Scientists have filmed coral bleaching in action for the first time. The good news is that it looks kinda funny. The bad news is that it’s faster and more severe than we imagined — and with most of the world’s coral colonies critically damaged, destroyed, or soon to be so, we’ve got a huge problem on our hands.

“Who smelt it dealt it” doesn’t apply to climate change, though.
Image via giphy.

The term “coral bleaching” describes a behaviour seen in environmentally-stressed bodies of coral. It’s so called because the organisms lose their colour when the waters they live in become too hot or polluted.

Corals are usually white-ish or cream coloured. The dazzling colours of a coral reef are produced by tiny, pigmented algae that live within the corals and trade nutrients for the safety of the colony. This symbiotic relationship benefits both parties, but in an emergency, the coral aren’t shy to kick their algae buddies to the curb — they expel the algae and lose their pigment, becoming bone-white.
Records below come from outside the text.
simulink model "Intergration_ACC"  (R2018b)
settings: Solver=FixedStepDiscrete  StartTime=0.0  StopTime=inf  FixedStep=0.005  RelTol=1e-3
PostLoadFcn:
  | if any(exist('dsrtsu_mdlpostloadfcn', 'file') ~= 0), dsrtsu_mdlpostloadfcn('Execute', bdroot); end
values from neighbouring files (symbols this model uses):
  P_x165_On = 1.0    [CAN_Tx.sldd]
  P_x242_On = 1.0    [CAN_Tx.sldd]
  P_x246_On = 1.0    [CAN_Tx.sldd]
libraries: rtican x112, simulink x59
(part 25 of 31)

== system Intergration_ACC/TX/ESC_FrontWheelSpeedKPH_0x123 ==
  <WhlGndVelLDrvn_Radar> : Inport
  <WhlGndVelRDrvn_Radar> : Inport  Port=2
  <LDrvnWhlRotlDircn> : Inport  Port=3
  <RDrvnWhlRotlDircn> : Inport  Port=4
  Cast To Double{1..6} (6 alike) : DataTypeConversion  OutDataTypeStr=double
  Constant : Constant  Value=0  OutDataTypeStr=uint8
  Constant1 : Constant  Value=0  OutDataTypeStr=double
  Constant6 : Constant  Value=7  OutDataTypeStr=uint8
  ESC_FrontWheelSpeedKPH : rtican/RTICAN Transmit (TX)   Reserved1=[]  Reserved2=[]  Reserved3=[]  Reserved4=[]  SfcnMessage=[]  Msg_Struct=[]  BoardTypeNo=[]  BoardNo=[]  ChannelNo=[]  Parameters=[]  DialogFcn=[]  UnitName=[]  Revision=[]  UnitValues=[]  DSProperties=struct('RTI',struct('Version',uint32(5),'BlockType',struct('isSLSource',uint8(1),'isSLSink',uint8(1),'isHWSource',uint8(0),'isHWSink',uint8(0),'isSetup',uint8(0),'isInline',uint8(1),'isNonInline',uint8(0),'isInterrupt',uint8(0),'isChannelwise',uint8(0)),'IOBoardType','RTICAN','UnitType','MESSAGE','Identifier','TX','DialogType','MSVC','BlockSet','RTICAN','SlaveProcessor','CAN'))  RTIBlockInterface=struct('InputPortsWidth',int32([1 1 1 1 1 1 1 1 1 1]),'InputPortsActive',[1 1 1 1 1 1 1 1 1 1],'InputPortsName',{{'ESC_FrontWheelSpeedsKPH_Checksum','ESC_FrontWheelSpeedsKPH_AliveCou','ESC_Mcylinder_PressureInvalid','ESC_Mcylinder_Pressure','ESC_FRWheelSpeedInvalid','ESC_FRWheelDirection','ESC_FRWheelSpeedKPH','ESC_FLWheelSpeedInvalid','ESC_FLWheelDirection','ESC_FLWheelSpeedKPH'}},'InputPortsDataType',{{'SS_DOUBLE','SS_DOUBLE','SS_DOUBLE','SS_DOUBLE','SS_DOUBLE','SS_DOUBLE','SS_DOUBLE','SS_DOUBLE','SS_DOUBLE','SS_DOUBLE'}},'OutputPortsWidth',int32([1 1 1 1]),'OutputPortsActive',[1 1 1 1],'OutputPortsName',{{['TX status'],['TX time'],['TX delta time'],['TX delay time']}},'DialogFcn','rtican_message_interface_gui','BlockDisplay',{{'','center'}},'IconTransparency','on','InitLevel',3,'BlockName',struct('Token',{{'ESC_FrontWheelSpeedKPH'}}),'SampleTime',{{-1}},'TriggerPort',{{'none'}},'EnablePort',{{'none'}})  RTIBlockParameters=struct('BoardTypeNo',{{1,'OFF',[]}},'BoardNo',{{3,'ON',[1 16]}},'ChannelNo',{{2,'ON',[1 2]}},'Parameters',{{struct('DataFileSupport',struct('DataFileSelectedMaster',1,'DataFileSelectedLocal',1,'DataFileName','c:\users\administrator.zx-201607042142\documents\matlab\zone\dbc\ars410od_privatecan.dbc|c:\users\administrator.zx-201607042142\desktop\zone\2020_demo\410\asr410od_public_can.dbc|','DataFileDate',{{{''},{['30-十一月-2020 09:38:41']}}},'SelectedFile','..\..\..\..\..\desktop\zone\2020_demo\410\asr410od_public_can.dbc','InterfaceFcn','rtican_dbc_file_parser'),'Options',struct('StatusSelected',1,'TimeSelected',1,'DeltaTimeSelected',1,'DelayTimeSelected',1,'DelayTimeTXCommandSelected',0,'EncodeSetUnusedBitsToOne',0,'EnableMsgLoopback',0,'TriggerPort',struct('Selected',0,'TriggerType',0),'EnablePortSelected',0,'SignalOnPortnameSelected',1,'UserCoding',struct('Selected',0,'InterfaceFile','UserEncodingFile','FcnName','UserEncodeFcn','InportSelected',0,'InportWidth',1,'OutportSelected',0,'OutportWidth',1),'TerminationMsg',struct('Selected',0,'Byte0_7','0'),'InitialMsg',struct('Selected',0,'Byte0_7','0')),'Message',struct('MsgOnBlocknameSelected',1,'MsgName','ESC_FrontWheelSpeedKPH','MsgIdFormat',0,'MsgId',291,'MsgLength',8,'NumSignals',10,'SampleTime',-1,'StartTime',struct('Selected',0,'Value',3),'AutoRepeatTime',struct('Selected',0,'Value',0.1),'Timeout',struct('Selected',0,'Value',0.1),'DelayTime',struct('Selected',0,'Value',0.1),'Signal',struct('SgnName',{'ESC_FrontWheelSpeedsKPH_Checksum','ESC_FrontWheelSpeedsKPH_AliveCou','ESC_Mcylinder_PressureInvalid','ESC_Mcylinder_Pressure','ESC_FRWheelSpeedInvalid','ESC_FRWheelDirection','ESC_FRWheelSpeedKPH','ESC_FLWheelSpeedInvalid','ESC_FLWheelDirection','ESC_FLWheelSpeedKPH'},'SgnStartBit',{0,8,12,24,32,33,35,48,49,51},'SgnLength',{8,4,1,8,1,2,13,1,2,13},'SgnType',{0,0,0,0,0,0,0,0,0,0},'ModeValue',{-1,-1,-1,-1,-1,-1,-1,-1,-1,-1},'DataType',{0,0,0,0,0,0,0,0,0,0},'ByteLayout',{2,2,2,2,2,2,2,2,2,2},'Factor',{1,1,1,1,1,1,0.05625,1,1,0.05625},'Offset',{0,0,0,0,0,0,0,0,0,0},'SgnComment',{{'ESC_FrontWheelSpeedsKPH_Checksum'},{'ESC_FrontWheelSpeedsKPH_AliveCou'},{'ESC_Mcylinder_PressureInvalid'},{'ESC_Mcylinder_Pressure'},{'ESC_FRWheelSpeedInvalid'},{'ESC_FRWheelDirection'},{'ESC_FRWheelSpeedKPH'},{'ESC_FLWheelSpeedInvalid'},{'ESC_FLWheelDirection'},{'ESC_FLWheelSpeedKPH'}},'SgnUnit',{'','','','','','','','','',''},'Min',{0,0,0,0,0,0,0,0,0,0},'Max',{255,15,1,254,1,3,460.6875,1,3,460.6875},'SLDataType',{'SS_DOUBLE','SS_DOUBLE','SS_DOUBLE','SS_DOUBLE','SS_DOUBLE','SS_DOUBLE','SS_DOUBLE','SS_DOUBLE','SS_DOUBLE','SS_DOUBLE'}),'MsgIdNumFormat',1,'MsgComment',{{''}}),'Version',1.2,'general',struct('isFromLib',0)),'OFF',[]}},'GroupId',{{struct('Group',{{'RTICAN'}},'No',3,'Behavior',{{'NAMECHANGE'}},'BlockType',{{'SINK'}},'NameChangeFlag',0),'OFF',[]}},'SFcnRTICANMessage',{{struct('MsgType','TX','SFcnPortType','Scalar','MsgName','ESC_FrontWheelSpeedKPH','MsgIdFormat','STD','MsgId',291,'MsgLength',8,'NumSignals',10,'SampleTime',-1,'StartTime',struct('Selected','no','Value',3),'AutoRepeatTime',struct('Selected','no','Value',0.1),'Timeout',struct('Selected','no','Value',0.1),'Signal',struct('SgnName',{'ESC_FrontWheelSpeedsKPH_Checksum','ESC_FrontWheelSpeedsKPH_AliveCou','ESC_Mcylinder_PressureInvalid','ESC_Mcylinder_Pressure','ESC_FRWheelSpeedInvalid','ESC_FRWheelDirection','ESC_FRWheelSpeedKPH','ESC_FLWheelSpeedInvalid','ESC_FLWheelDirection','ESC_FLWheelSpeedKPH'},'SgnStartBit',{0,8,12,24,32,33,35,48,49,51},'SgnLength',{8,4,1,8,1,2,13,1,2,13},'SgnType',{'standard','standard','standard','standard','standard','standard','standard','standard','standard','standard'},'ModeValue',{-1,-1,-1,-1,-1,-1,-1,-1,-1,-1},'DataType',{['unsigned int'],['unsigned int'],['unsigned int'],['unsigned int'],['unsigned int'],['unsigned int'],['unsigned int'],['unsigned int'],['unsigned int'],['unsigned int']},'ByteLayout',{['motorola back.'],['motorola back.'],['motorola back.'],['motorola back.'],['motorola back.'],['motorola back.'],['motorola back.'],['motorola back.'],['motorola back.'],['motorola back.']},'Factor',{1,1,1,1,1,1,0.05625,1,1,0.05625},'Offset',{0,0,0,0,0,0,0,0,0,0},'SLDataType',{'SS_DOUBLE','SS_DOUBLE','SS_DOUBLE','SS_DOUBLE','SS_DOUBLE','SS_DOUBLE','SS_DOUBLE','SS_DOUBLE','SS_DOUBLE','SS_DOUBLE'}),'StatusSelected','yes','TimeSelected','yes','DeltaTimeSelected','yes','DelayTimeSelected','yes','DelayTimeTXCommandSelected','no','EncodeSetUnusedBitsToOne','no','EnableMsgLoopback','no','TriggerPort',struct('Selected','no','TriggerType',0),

While this last-ditch effort allows the coral to survive in the short run, it will die if conditions don’t improve fast enough so new algae can move in.

“What’s really interesting is just how quickly and violently the coral forcefully evicted its resident symbionts,” says Brett Lewis from the Queensland University of Technology in Australia.

Lewis’s team wanted to understand what causes corals to evict their simbiotic bacteria, and has been observing bleaching in the coral species Heliofungia actiniformis. They placed a number of H. actiniformis corals and Symbiodinium algae in a controlled environment, heated them up, then observed and recorded their response to rising temperatures.

The team raised water temperature from 26 to 32 degrees Celsius (78 to 89 degrees Fahrenheit) over the first 12 hours of the experiment, then kept it constant over the next eight days. The corals weren’t pleased at all by this turn of events, and they basically farted the color out of themselves.

“The H. actiniformis began ejecting the symbionts within the first 2 hours of us raising the water temperature of the system,” says Lewis.

“Our H. actiniformis used a pulsed inflation to expel Symbiodinium over time – inflating their bodies to as much as 340 percent of their normal size before suddenly and violently contracting and ejecting Symbiodinium through their oral openings over the four to eight-day duration of the experiments,” explains co-author Luke Nothdurft.

Even more unsettling is the fact that the researchers chose H. actiniformis because it’s one of the most resilient species of coral found in the Great Barrier Reef. This solitary species of mushroom coral can grow to about 20 cm in diameter and 7 cm in height (7.8 by 2.7 inches,) on a diet of sugars synthesized by Symbiodinium and zooplankton that it catches with its tentacles. Previous studies have found that H. actiniformis is very resilient to thermal stress, and Lewis and his team now think this could be because of its incredibly quick response.

“Our observations suggest this resilience could be due to the rapid expulsion of the coral’s algal symbionts during thermal stress, and could very well increase H. actiniformis’s chance of survival during abnormally high sea temperatures,” he says.

But the findings have some pretty grim implications. Basically, we found out that one of the hardiest species of coral in the Great Barrier Reed owes its survival ability to the fact that it’s willing to sacrifice its nutrient source earlier than other species — and that’s not good news at all. Hopefully, the findings will help mobilize governing bodies to create policies to give out remaining coral reefs a fighting chance.

The full paper, “Expulsion of Symbiodinium by pulsed inflation under hyperthermal stress in Heliofungia actiniformis” has been published in Coral Reefs.